Try it: In the listing below, the line containing "join > SetpointManager:Scheduled 'Service" marks the end; copy exactly every line from the first through that one.

+---+

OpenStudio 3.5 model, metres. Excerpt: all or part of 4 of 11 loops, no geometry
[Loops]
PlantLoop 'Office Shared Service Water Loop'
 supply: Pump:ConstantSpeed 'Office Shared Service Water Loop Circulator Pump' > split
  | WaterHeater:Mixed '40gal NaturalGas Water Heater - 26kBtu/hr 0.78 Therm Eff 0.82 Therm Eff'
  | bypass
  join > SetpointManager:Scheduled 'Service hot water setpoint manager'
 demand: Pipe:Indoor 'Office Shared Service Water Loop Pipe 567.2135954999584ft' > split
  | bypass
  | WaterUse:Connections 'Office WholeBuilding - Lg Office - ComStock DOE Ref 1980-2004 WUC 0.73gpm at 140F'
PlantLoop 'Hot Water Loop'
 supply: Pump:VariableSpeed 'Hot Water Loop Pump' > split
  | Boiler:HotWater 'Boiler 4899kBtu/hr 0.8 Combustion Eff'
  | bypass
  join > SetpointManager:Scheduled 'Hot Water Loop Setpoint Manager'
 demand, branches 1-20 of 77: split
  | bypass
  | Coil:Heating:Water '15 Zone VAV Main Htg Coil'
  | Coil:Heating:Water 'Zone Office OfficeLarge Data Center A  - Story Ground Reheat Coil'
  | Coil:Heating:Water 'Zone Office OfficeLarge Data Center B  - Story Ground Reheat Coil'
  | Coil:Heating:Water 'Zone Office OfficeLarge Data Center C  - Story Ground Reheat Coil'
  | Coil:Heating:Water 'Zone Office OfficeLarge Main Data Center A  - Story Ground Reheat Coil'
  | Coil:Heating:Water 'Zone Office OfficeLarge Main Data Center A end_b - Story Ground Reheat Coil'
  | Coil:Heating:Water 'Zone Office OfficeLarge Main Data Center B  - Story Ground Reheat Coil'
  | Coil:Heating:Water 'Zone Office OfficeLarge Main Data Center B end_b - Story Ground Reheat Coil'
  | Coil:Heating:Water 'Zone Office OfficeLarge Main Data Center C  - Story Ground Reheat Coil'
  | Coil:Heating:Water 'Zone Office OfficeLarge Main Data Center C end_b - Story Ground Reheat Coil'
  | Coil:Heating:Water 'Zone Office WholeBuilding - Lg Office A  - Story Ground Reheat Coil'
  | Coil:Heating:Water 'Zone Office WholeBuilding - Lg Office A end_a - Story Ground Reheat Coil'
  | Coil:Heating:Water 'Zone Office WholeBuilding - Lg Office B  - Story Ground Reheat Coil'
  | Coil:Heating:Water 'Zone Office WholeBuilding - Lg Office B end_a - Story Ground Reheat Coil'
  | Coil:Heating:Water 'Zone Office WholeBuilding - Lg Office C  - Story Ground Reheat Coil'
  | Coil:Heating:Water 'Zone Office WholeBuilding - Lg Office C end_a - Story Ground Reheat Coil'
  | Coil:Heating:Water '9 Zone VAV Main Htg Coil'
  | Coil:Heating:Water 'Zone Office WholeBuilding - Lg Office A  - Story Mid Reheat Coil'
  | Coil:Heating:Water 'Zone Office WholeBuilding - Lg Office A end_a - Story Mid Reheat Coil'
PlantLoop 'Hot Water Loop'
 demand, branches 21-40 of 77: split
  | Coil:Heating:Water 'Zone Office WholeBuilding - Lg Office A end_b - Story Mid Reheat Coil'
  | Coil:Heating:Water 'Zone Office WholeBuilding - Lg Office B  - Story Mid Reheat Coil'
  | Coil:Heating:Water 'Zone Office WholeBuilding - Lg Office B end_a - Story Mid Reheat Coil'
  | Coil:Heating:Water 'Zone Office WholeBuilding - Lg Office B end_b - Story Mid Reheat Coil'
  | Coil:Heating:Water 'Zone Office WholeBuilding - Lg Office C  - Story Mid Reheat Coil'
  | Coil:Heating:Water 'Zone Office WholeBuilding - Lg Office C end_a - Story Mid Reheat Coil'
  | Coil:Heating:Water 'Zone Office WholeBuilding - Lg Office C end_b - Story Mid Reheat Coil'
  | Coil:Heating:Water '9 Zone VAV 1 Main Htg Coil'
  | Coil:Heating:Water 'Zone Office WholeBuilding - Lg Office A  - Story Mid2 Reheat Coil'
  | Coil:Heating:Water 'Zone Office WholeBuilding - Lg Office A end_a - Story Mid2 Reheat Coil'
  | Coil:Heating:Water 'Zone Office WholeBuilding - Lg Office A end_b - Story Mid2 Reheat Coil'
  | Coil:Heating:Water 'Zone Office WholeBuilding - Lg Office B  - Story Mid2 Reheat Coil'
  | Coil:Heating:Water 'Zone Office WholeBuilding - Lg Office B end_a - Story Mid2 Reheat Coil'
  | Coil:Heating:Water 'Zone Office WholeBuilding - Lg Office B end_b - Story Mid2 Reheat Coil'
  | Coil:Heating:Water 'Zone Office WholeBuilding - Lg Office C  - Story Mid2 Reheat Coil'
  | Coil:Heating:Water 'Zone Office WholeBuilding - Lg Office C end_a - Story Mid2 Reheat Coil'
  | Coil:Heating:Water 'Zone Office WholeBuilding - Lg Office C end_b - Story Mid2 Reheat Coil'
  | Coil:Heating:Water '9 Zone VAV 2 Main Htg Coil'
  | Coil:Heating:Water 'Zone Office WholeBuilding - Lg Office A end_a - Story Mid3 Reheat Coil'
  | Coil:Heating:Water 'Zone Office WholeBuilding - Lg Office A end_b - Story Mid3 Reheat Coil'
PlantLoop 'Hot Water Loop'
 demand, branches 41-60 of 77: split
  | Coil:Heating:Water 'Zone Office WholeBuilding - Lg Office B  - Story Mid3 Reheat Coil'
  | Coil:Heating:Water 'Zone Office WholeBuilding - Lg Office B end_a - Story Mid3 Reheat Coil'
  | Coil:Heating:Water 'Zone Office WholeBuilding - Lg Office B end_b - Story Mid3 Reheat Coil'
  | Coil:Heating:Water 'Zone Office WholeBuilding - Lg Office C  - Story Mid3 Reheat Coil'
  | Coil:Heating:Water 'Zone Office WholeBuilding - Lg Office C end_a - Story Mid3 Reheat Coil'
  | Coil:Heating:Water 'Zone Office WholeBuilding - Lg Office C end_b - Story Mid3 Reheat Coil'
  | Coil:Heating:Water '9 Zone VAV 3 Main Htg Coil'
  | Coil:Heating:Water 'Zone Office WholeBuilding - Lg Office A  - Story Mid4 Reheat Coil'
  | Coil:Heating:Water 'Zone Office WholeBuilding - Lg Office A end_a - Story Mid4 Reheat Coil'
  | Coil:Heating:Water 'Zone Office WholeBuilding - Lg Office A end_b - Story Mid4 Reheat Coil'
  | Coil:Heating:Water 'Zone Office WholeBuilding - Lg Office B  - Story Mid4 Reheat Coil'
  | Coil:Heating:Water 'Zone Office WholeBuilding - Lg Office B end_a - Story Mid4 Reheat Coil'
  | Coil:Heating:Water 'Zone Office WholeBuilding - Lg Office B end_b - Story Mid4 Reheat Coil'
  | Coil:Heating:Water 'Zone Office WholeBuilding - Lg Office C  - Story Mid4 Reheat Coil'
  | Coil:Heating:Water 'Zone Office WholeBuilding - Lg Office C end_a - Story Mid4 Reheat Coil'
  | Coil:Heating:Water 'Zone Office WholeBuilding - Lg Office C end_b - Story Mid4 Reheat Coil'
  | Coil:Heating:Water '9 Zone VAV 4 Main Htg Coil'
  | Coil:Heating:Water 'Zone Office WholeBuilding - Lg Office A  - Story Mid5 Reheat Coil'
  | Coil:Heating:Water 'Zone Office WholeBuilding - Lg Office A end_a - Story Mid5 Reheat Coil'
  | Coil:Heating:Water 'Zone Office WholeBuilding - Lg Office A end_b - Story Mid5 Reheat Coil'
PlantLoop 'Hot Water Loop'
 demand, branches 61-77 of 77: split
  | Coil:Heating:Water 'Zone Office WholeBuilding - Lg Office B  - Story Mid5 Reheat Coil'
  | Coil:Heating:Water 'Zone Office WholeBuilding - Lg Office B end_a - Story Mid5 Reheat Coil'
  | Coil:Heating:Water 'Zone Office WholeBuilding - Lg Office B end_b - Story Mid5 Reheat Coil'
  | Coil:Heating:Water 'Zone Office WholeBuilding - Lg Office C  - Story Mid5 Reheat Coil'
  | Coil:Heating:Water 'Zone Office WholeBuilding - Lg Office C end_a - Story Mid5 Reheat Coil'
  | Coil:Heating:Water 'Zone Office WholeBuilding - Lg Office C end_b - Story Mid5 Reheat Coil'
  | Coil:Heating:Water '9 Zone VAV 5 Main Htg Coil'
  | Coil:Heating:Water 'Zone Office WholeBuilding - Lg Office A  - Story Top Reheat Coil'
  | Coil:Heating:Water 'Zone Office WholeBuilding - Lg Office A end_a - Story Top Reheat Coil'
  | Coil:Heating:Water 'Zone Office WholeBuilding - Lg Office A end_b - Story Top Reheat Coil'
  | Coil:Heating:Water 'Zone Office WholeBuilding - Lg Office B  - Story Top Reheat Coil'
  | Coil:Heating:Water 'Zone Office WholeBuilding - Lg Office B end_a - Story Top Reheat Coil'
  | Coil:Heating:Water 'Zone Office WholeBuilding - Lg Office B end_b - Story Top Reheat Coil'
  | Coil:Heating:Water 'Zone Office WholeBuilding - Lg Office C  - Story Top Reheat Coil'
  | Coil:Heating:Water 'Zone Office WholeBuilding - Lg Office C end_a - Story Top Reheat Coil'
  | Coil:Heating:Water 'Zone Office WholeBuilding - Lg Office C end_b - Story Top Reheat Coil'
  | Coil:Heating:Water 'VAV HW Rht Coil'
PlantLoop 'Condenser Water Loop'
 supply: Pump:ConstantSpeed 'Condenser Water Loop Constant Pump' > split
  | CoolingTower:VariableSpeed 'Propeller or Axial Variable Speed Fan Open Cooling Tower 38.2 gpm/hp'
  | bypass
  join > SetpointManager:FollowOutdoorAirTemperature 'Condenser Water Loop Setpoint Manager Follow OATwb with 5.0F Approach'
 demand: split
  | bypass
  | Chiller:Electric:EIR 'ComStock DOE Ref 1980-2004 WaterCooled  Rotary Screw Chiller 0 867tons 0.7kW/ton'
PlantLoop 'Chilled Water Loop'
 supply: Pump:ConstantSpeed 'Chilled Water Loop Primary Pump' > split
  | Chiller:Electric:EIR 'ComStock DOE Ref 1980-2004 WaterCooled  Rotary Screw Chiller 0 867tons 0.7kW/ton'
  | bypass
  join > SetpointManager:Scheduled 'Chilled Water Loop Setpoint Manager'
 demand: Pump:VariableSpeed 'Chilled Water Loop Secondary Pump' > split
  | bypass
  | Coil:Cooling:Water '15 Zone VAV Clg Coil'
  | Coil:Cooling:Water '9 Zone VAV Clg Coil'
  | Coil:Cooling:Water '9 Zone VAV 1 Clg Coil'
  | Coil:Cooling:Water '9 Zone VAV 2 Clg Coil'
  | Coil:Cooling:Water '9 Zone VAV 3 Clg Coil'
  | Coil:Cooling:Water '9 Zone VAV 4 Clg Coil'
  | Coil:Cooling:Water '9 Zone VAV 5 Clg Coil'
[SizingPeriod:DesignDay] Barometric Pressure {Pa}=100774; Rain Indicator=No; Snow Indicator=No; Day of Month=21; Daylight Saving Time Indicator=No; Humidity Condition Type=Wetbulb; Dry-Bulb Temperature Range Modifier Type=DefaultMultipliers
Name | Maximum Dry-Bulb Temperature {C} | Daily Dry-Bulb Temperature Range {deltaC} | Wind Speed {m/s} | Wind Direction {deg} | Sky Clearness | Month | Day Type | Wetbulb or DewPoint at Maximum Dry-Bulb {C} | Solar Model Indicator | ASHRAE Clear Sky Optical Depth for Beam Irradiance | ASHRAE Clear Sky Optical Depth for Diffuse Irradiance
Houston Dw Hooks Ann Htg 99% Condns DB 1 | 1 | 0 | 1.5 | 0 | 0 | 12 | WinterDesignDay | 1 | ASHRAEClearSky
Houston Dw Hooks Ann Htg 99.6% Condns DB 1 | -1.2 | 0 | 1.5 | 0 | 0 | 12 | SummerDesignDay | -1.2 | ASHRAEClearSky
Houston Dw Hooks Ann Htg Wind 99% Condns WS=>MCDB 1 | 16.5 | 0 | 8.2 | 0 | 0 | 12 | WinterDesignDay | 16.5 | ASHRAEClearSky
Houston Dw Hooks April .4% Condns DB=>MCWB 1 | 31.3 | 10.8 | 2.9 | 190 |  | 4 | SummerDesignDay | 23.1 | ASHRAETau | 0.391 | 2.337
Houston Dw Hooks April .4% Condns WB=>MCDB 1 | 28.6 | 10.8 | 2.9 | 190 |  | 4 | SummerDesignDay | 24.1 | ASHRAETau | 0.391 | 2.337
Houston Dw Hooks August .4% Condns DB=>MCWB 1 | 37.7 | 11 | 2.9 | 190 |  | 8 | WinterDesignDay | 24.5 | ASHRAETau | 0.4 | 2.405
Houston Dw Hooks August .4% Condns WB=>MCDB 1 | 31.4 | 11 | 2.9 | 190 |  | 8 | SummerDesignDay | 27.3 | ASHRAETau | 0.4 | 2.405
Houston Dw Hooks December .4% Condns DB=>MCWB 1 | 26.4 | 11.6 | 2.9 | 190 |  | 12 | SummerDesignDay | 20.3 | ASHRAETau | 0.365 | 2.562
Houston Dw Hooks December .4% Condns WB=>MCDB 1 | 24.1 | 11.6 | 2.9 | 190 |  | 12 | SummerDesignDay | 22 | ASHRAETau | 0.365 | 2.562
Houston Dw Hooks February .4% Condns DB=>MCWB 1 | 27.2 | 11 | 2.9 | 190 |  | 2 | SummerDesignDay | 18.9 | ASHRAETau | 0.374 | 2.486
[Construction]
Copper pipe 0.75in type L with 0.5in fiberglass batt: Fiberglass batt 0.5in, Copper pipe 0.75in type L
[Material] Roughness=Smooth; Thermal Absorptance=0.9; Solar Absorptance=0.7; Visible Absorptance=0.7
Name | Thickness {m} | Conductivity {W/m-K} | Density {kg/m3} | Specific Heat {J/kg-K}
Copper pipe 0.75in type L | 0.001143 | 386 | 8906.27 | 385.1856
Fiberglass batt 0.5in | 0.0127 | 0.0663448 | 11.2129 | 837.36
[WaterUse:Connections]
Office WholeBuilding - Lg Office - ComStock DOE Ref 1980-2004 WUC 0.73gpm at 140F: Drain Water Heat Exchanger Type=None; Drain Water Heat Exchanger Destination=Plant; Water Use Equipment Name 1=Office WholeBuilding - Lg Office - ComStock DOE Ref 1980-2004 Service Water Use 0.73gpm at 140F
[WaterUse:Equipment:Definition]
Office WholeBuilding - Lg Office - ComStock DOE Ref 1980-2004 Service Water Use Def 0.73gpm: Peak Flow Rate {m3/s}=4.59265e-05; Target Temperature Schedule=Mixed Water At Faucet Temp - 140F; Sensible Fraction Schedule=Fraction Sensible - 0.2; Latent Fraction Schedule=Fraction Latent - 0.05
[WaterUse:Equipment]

+---+

Result for this task:
OpenStudio 3.5 model, metres. Excerpt: all or part of 4 of 11 loops, no geometry
[Loops]
PlantLoop 'Office Shared Service Water Loop'
 supply: Pump:ConstantSpeed 'Office Shared Service Water Loop Circulator Pump' > split
  | WaterHeater:Mixed '40gal NaturalGas Water Heater - 26kBtu/hr 0.78 Therm Eff 0.82 Therm Eff'
  | bypass
  join > SetpointManager:Scheduled 'Service hot water setpoint manager'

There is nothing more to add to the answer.